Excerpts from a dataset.

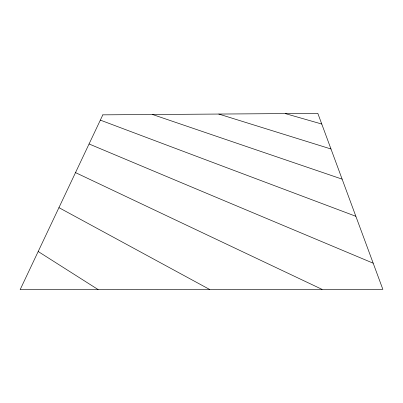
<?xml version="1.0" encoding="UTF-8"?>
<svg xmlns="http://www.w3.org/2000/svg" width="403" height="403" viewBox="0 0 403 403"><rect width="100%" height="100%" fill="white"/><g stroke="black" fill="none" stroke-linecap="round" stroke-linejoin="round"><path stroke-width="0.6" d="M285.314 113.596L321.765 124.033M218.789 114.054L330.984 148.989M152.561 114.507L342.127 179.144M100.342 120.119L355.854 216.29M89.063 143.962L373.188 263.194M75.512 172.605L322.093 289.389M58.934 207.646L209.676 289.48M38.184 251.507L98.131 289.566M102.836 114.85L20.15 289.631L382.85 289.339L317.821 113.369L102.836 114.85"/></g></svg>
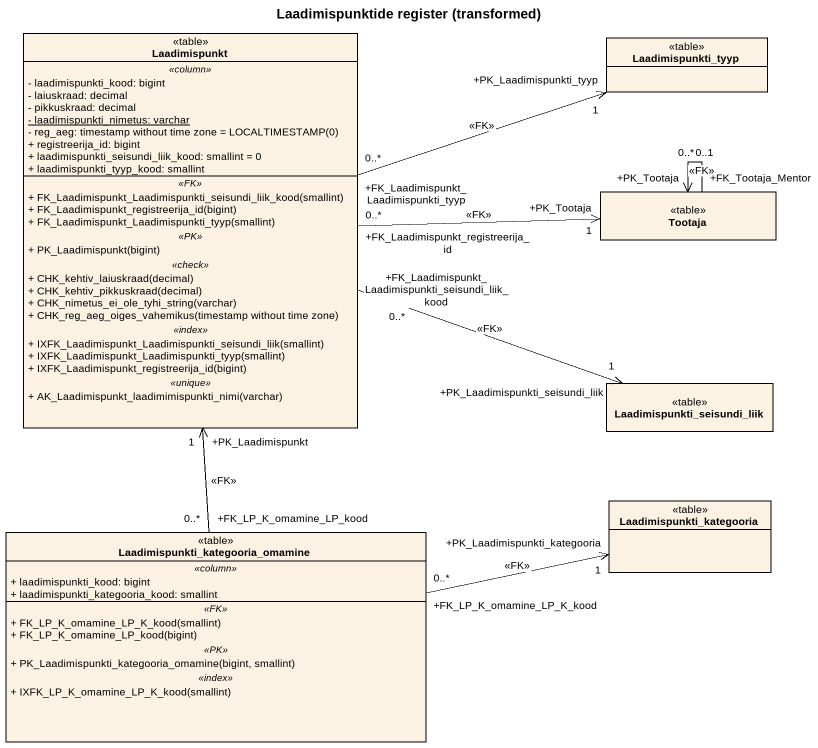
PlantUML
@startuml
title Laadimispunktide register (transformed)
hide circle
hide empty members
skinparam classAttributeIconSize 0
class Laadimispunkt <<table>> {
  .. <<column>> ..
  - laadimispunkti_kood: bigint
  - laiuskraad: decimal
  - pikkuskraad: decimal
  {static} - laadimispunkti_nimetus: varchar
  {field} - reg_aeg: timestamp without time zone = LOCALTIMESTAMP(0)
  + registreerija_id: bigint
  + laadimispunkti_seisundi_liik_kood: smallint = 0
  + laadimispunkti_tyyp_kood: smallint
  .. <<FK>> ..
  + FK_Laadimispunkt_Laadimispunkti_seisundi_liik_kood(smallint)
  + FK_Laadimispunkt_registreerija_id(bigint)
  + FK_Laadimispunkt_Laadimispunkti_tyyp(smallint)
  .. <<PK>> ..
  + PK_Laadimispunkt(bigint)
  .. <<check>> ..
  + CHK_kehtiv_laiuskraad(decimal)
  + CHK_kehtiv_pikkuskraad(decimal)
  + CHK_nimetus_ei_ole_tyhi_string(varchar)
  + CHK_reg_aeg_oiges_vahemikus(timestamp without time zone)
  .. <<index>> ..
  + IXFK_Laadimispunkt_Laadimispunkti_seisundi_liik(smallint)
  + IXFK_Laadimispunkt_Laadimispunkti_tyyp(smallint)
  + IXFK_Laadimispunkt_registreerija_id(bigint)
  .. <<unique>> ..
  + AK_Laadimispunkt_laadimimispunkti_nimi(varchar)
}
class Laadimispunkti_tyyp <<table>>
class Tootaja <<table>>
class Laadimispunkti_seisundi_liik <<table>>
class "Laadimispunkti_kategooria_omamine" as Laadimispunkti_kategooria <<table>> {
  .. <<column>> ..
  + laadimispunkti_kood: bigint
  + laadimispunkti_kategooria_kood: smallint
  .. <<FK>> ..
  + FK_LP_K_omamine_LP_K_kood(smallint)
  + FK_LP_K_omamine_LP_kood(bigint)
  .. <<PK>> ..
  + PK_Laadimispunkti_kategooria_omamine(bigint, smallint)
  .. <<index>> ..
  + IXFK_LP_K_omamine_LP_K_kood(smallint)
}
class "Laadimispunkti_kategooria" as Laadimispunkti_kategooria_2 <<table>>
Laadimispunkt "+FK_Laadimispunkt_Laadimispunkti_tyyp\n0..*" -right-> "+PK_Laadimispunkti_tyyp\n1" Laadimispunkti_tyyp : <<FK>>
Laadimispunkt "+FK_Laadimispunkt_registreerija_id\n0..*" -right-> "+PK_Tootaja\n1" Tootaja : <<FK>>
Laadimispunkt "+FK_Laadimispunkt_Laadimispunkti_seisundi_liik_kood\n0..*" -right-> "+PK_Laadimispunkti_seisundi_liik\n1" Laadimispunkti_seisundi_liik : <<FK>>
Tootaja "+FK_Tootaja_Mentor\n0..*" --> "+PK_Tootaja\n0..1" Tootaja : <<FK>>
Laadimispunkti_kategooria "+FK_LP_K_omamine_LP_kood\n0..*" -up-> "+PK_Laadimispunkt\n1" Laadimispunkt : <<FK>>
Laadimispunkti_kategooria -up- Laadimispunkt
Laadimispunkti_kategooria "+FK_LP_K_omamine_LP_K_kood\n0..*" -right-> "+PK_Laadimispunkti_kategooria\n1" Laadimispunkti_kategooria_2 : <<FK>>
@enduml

TASK GOAL. A verbatim copy of the data, with all pictures omitted, is the required output.

TASK ANSWER.
<?xml version="1.0" encoding="UTF-8"?>
<svg xmlns="http://www.w3.org/2000/svg" width="403" height="403" viewBox="0 0 403 403"><rect width="100%" height="100%" fill="white"/><g stroke="black" fill="none" stroke-linecap="round" stroke-linejoin="round"><path stroke-width="0.6" d="M285.314 113.596L321.765 124.033M218.789 114.054L330.984 148.989M152.561 114.507L342.127 179.144M100.342 120.119L355.854 216.29M89.063 143.962L373.188 263.194M75.512 172.605L322.093 289.389M58.934 207.646L209.676 289.48M38.184 251.507L98.131 289.566M102.836 114.85L20.15 289.631L382.85 289.339L317.821 113.369L102.836 114.85"/></g></svg>
PlantUML
@startuml
title Laadimispunktide register (transformed)
hide circle
hide empty members
skinparam classAttributeIconSize 0
class Laadimispunkt <<table>> {
  .. <<column>> ..
  - laadimispunkti_kood: bigint
  - laiuskraad: decimal
  - pikkuskraad: decimal
  {static} - laadimispunkti_nimetus: varchar
  {field} - reg_aeg: timestamp without time zone = LOCALTIMESTAMP(0)
  + registreerija_id: bigint
  + laadimispunkti_seisundi_liik_kood: smallint = 0
  + laadimispunkti_tyyp_kood: smallint
  .. <<FK>> ..
  + FK_Laadimispunkt_Laadimispunkti_seisundi_liik_kood(smallint)
  + FK_Laadimispunkt_registreerija_id(bigint)
  + FK_Laadimispunkt_Laadimispunkti_tyyp(smallint)
  .. <<PK>> ..
  + PK_Laadimispunkt(bigint)
  .. <<check>> ..
  + CHK_kehtiv_laiuskraad(decimal)
  + CHK_kehtiv_pikkuskraad(decimal)
  + CHK_nimetus_ei_ole_tyhi_string(varchar)
  + CHK_reg_aeg_oiges_vahemikus(timestamp without time zone)
  .. <<index>> ..
  + IXFK_Laadimispunkt_Laadimispunkti_seisundi_liik(smallint)
  + IXFK_Laadimispunkt_Laadimispunkti_tyyp(smallint)
  + IXFK_Laadimispunkt_registreerija_id(bigint)
  .. <<unique>> ..
  + AK_Laadimispunkt_laadimimispunkti_nimi(varchar)
}
class Laadimispunkti_tyyp <<table>>
class Tootaja <<table>>
class Laadimispunkti_seisundi_liik <<table>>
class "Laadimispunkti_kategooria_omamine" as Laadimispunkti_kategooria <<table>> {
  .. <<column>> ..
  + laadimispunkti_kood: bigint
  + laadimispunkti_kategooria_kood: smallint
  .. <<FK>> ..
  + FK_LP_K_omamine_LP_K_kood(smallint)
  + FK_LP_K_omamine_LP_kood(bigint)
  .. <<PK>> ..
  + PK_Laadimispunkti_kategooria_omamine(bigint, smallint)
  .. <<index>> ..
  + IXFK_LP_K_omamine_LP_K_kood(smallint)
}
class "Laadimispunkti_kategooria" as Laadimispunkti_kategooria_2 <<table>>
Laadimispunkt "+FK_Laadimispunkt_Laadimispunkti_tyyp\n0..*" -right-> "+PK_Laadimispunkti_tyyp\n1" Laadimispunkti_tyyp : <<FK>>
Laadimispunkt "+FK_Laadimispunkt_registreerija_id\n0..*" -right-> "+PK_Tootaja\n1" Tootaja : <<FK>>
Laadimispunkt "+FK_Laadimispunkt_Laadimispunkti_seisundi_liik_kood\n0..*" -right-> "+PK_Laadimispunkti_seisundi_liik\n1" Laadimispunkti_seisundi_liik : <<FK>>
Tootaja "+FK_Tootaja_Mentor\n0..*" --> "+PK_Tootaja\n0..1" Tootaja : <<FK>>
Laadimispunkti_kategooria "+FK_LP_K_omamine_LP_kood\n0..*" -up-> "+PK_Laadimispunkt\n1" Laadimispunkt : <<FK>>
Laadimispunkti_kategooria -up- Laadimispunkt
Laadimispunkti_kategooria "+FK_LP_K_omamine_LP_K_kood\n0..*" -right-> "+PK_Laadimispunkti_kategooria\n1" Laadimispunkti_kategooria_2 : <<FK>>
@enduml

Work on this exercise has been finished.